[[ LISTED RECORDS open ]]

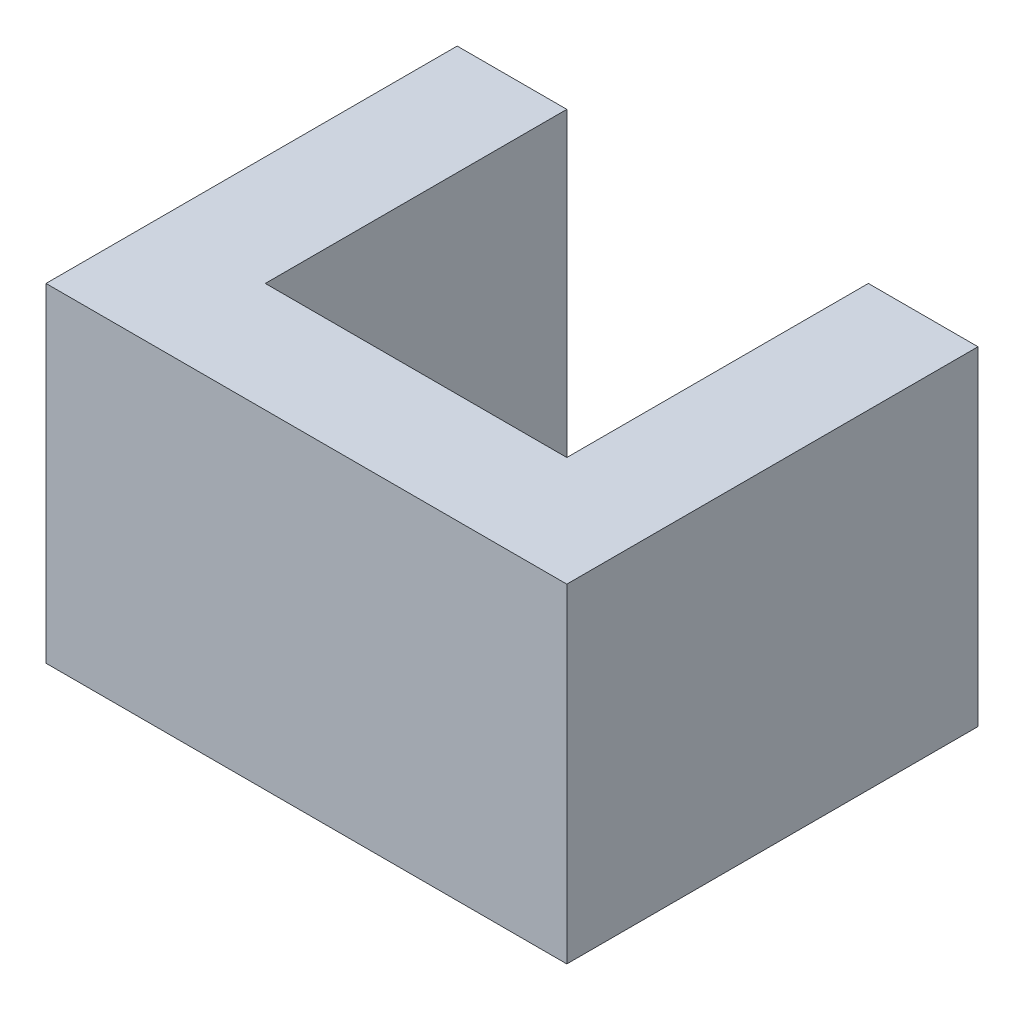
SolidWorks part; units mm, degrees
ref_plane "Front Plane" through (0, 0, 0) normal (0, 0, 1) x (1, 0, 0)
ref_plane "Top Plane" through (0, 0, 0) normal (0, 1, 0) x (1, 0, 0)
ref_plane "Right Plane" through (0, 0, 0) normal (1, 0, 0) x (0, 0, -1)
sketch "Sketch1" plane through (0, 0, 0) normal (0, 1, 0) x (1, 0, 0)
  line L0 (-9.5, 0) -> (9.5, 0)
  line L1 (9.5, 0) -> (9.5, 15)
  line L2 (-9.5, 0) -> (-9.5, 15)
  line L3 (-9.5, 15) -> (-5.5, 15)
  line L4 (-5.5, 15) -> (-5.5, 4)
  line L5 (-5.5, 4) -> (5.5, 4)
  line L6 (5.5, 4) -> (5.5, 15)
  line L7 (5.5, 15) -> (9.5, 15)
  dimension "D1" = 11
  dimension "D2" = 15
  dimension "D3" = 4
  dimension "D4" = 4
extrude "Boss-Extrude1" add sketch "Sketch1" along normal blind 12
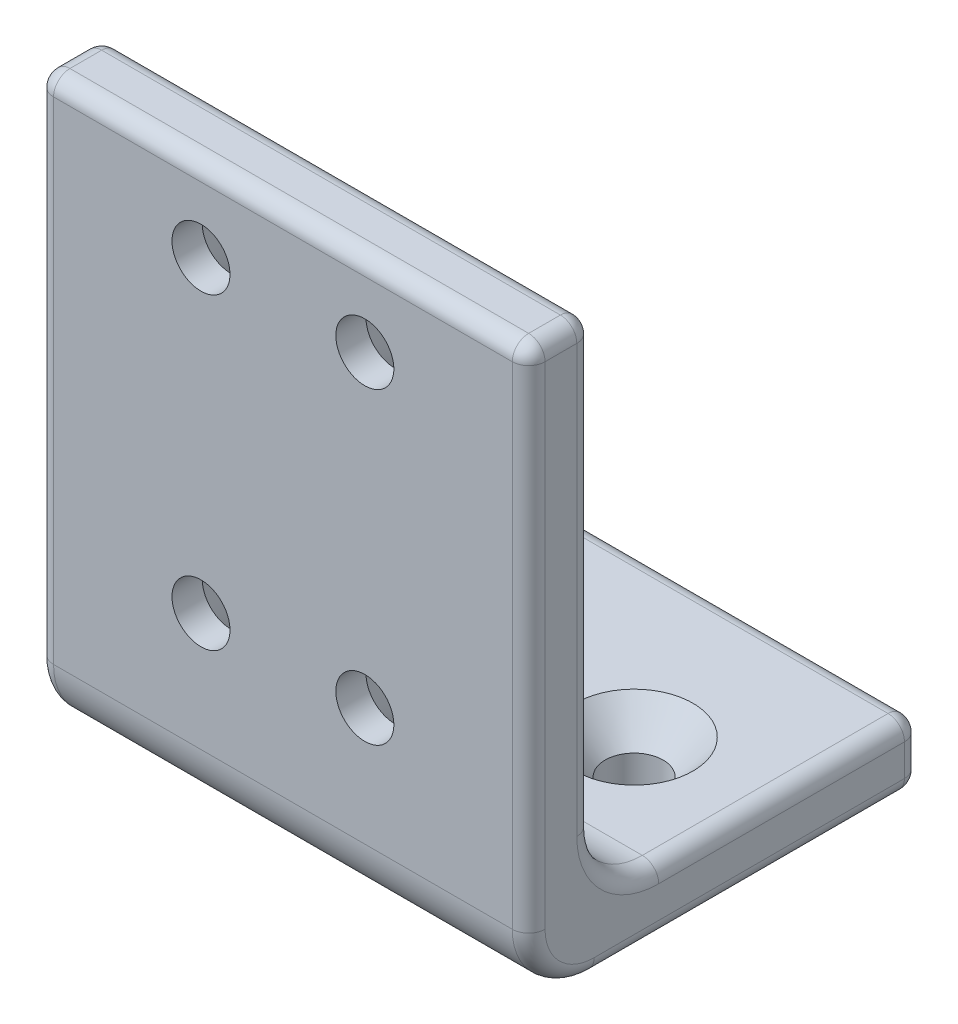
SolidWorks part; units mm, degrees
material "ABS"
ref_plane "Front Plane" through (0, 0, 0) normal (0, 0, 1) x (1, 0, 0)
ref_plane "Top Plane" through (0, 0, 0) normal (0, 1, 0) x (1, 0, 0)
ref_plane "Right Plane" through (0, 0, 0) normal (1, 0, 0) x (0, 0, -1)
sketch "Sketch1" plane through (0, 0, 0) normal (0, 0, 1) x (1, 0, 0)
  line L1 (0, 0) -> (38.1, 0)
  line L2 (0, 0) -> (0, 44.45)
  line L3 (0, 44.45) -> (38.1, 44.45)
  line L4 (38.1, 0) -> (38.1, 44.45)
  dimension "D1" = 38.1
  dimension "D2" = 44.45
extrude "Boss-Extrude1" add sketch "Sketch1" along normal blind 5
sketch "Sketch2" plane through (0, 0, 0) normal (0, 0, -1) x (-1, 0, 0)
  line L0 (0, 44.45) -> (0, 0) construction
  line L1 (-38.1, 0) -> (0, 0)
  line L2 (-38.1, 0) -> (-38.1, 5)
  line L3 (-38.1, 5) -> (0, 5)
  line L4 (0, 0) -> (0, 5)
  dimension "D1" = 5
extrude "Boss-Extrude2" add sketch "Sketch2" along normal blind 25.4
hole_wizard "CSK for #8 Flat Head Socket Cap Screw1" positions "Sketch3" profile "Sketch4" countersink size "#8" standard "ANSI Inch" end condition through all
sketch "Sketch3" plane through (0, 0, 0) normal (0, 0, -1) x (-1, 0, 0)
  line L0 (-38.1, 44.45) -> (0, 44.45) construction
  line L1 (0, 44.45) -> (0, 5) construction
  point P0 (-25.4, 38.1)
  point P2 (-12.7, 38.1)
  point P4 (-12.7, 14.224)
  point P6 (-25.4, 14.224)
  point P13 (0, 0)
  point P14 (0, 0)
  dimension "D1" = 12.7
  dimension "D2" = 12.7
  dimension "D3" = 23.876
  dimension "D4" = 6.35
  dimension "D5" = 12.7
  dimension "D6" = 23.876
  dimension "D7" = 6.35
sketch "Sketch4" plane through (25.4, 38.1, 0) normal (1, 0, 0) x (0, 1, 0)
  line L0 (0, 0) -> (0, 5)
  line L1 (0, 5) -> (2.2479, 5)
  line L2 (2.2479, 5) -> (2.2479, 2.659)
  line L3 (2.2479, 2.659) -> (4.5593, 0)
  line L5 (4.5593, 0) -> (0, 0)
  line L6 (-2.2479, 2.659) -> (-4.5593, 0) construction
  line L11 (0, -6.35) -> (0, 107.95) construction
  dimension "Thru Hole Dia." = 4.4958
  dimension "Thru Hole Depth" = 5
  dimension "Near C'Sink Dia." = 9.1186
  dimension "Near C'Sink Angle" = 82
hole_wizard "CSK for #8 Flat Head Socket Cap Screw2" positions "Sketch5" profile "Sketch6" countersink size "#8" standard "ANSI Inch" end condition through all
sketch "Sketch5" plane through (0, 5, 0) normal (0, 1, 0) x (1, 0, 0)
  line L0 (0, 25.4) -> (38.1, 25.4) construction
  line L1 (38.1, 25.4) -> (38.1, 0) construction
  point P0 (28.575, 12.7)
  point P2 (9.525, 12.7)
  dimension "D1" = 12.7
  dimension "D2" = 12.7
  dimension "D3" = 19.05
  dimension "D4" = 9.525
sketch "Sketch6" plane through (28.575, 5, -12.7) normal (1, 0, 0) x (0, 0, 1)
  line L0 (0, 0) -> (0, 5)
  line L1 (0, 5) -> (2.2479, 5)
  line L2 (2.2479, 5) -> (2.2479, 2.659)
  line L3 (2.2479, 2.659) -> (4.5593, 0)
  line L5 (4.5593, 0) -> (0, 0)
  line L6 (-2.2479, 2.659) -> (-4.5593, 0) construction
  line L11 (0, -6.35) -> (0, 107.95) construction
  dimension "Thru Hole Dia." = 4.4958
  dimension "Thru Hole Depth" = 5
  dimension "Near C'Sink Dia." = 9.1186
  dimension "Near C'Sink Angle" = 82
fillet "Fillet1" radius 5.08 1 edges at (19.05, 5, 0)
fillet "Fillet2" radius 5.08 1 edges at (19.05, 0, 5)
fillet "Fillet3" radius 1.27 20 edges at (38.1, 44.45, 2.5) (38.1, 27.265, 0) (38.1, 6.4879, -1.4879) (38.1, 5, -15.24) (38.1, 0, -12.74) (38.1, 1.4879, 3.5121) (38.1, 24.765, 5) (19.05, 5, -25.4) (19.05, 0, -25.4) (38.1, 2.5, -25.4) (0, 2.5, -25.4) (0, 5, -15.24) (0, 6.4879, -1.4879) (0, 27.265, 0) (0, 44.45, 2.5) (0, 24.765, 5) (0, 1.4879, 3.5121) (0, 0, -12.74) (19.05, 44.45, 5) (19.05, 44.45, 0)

[[ LISTED RECORDS closed ]]

## THE TASK
Copy each line of the entries in which the string "extrude" is found.

## COMPLETED EXERCISE
extrude "Boss-Extrude1" add sketch "Sketch1" along normal blind 12
extrude "Boss-Extrude1" add sketch "Sketch1" along normal blind 5
extrude "Boss-Extrude2" add sketch "Sketch2" along normal blind 25.4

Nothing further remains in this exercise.